Lá pelas dez da noite, vestíamos os casacos grossos, ou mesmo uma manta, e seguíamos pelo caminho das Compridas até casa do Alanca. Aí chegados, batíamos à porta da cozinha, que se abria generosamente, para entramos e nos aquecermos. Num quarto de hora bebíamos vinho do Porto, comíamos uma orelha de abade e até se jogava uma sueca ou uma partida de bisca lambida. Terminado esse tempo, antedávamo-nos Boas Festas e subíamos à casa do sr. Afonso, onde o ritual de repetia. Aqui demorávamo-nos um pouco mais, pois em casa havia três rapazolas também da nossa idade, o que nos fazia sentir mais entre iguais. Se alguém oferecia, até aguardente se bebia, para “aquecer a alma”, como dizíamos.
Da Aboadela passávamos à casa do sr. Joaquim, conhecido com o Coditas, e havia sempre mais uma cartada e vinho quente com canela, coisa incomum na região, mas que naquela casa fazia parte das ementas de Natal. O Pataco não abdicava de jogar uma ou duas partidas com o seu compadre e só muito perto da meia-noite é que seguíamos para a casa do Costa, no Serrado, onde ficávamos bastante tempo na conversa e na jogatina, até o sono nos mandar recolher a casa.

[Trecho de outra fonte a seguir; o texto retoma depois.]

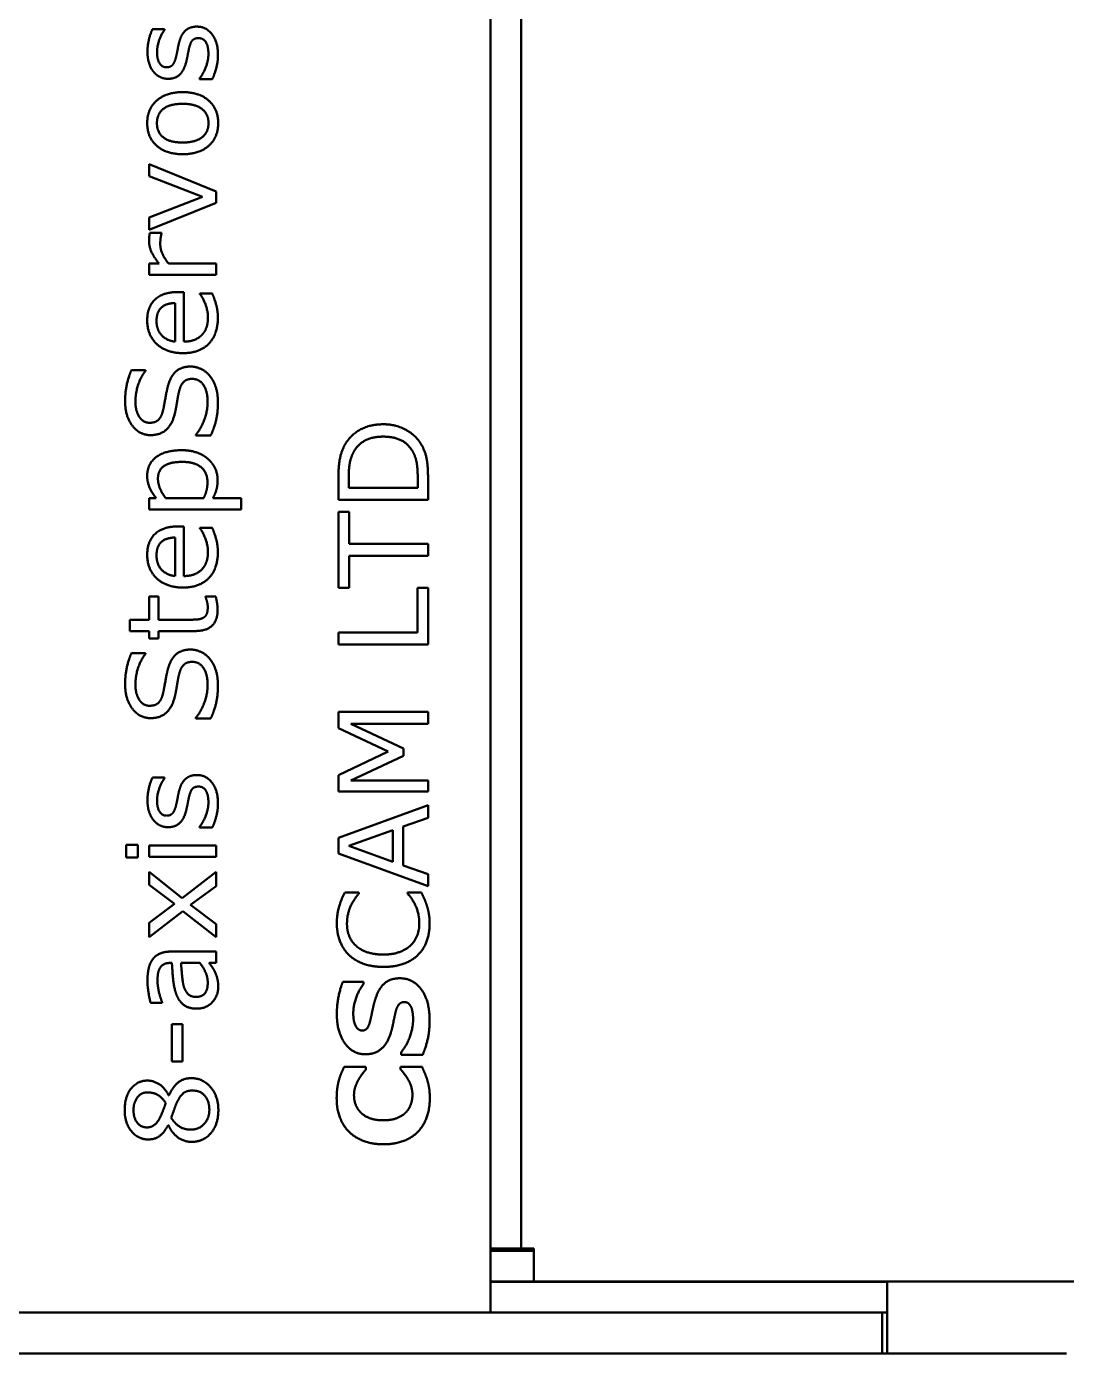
# Model space of a CAD drawing. Header units: millimetres. Extents: x 3137 to 5094, y 789 to 1822.
# Drawn here: x 3341.9 to 3382.5, y 1520.2 to 1572.1 of the extents above; entities that cross this region are included whole.
import ezdxf

# ---------------------------------------------------------------- set-up
doc = ezdxf.new("R2010")
doc.units = ezdxf.units.MM
doc.header["$LTSCALE"] = 1.8
doc.layers.add('외형선(ISO)', color=7, linetype='Continuous', lineweight=50)

msp = doc.modelspace()

# ---------------------------------------------------------------- linework, layer by layer
at = {"layer": '외형선(ISO)'}
for p, q in [((3360.042, 1609.718), (3360.042, 1526.318)), ((3361.242, 1609.718), (3361.242, 1526.318)), ((3347.313, 1571.953), (3346.841, 1571.953)), ((3347.313, 1571.93), (3347.313, 1571.953)), ((3348.678, 1570.027), (3348.678, 1570.004)), ((3348.678, 1570.004), (3349.176, 1570.004)), ((3346.707, 1566.678), (3346.707, 1566.215)), ((3349.333, 1565.615), (3346.707, 1566.678)), ((3346.707, 1566.215), (3348.796, 1565.41)), ((3348.796, 1565.41), (3346.707, 1564.593)), ((3349.333, 1565.173), (3349.333, 1565.615)), ((3346.707, 1564.115), (3349.333, 1565.173)), ((3346.707, 1564.593), (3346.707, 1564.115)), ((3347.19, 1563.993), (3346.736, 1563.993)), ((3347.19, 1563.97), (3347.19, 1563.993)), ((3346.707, 1562.795), (3346.707, 1562.353)), ((3347.096, 1562.795), (3346.707, 1562.795)), ((3349.333, 1562.795), (3347.47, 1562.795)), ((3349.333, 1562.353), (3349.333, 1562.795)), ((3346.707, 1562.353), (3349.333, 1562.353)), ((3348.064, 1561.684), (3347.824, 1561.684)), ((3348.064, 1559.747), (3348.064, 1561.684)), ((3347.727, 1561.253), (3347.727, 1559.747)), ((3348.69, 1561.633), (3348.69, 1561.61)), ((3349.173, 1561.633), (3348.69, 1561.633)), ((3346.564, 1558.633), (3346.016, 1558.633)), ((3346.564, 1558.598), (3346.564, 1558.633)), ((3348.533, 1556.107), (3348.533, 1556.073)), ((3348.533, 1556.073), (3349.116, 1556.073)), ((3354.103, 1554.437), (3354.103, 1553.563)), ((3354.505, 1554.028), (3354.505, 1554.466)), ((3357.2, 1554.466), (3357.2, 1554.028)), ((3357.603, 1553.563), (3357.603, 1554.446)), ((3357.2, 1554.028), (3354.505, 1554.028)), ((3346.707, 1553.635), (3346.707, 1553.193)), ((3346.981, 1553.635), (3346.707, 1553.635)), ((3348.841, 1553.635), (3347.353, 1553.635)), ((3350.301, 1553.635), (3349.201, 1553.635)), ((3350.301, 1553.193), (3350.301, 1553.635)), ((3354.103, 1553.563), (3357.603, 1553.563)), ((3346.707, 1553.193), (3350.301, 1553.193)), ((3354.103, 1553.094), (3354.103, 1550.126)), ((3354.517, 1553.094), (3354.103, 1553.094)), ((3354.517, 1551.843), (3354.517, 1553.094)), ((3348.064, 1552.524), (3347.824, 1552.524)), ((3348.064, 1550.587), (3348.064, 1552.524)), ((3348.69, 1552.473), (3348.69, 1552.45)), ((3349.173, 1552.473), (3348.69, 1552.473)), ((3347.727, 1552.093), (3347.727, 1550.587)), ((3357.603, 1551.843), (3354.517, 1551.843)), ((3357.603, 1551.377), (3357.603, 1551.843)), ((3354.517, 1551.377), (3357.603, 1551.377)), ((3354.517, 1550.126), (3354.517, 1551.377)), ((3346.707, 1549.79), (3346.707, 1548.881)), ((3347.078, 1549.79), (3346.707, 1549.79)), ((3347.078, 1548.881), (3347.078, 1549.79)), ((3348.913, 1549.79), (3348.913, 1549.767)), ((3349.31, 1549.79), (3348.913, 1549.79)), ((3354.103, 1550.126), (3354.517, 1550.126)), ((3357.188, 1550.131), (3357.188, 1548.383)), ((3357.603, 1550.131), (3357.188, 1550.131)), ((3357.603, 1547.917), (3357.603, 1550.131)), ((3345.953, 1548.881), (3345.953, 1548.438)), ((3346.707, 1548.881), (3345.953, 1548.881)), ((3348.276, 1548.881), (3347.078, 1548.881)), ((3345.953, 1548.438), (3346.707, 1548.438)), ((3346.707, 1548.438), (3346.707, 1548.141)), ((3347.078, 1548.438), (3348.476, 1548.438)), ((3347.078, 1548.141), (3347.078, 1548.438)), ((3354.103, 1548.383), (3354.103, 1547.917)), ((3357.188, 1548.383), (3354.103, 1548.383)), ((3346.707, 1548.141), (3347.078, 1548.141)), ((3354.103, 1547.917), (3357.603, 1547.917)), ((3346.564, 1547.575), (3346.016, 1547.575)), ((3346.564, 1547.541), (3346.564, 1547.575)), ((3354.103, 1545.283), (3354.103, 1544.637)), ((3357.603, 1545.283), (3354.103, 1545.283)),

Em casa do Costa havia uma peculiaridade: o Zé do Serrado, seu pai, era já muito idoso, mas ainda muito ativo. Conversava bem e era conhecido por trazer sempre nos bolsos do colete pelicas de bacalhau secas, para peguilhar os copitos de que tanto gostava. Contudo, na noite de Natal, depois da ceia, o sr. Zé só bebia aguardente, mas era aguardente fina, ou seja, uma aguardente com um teor alcoólico duas vezes superior ao bagaço normal. Uma noite, caí no erro de beber, sem aviso, daquele elixir e ainda hoje sinto as chamas a saírem dos olhos em fogo, tal foi a lavagem interna que me provocou.
De madrugada chegávamos a casa com a certeza de que, na manhã seguinte, teríamos, cada um, o nosso sapato cheio de confeitos, para jogar ao “par ou pernão” durante o dia de Natal.
Não há nenhum berço dourado do conforto presente que valha por aquelas memórias que vão ficando mais doces, pois destilam com o tempo.
Com tanto ritual, tantas memórias e carinho dos tempos vividos, a que melhor colo poderei encostar-me?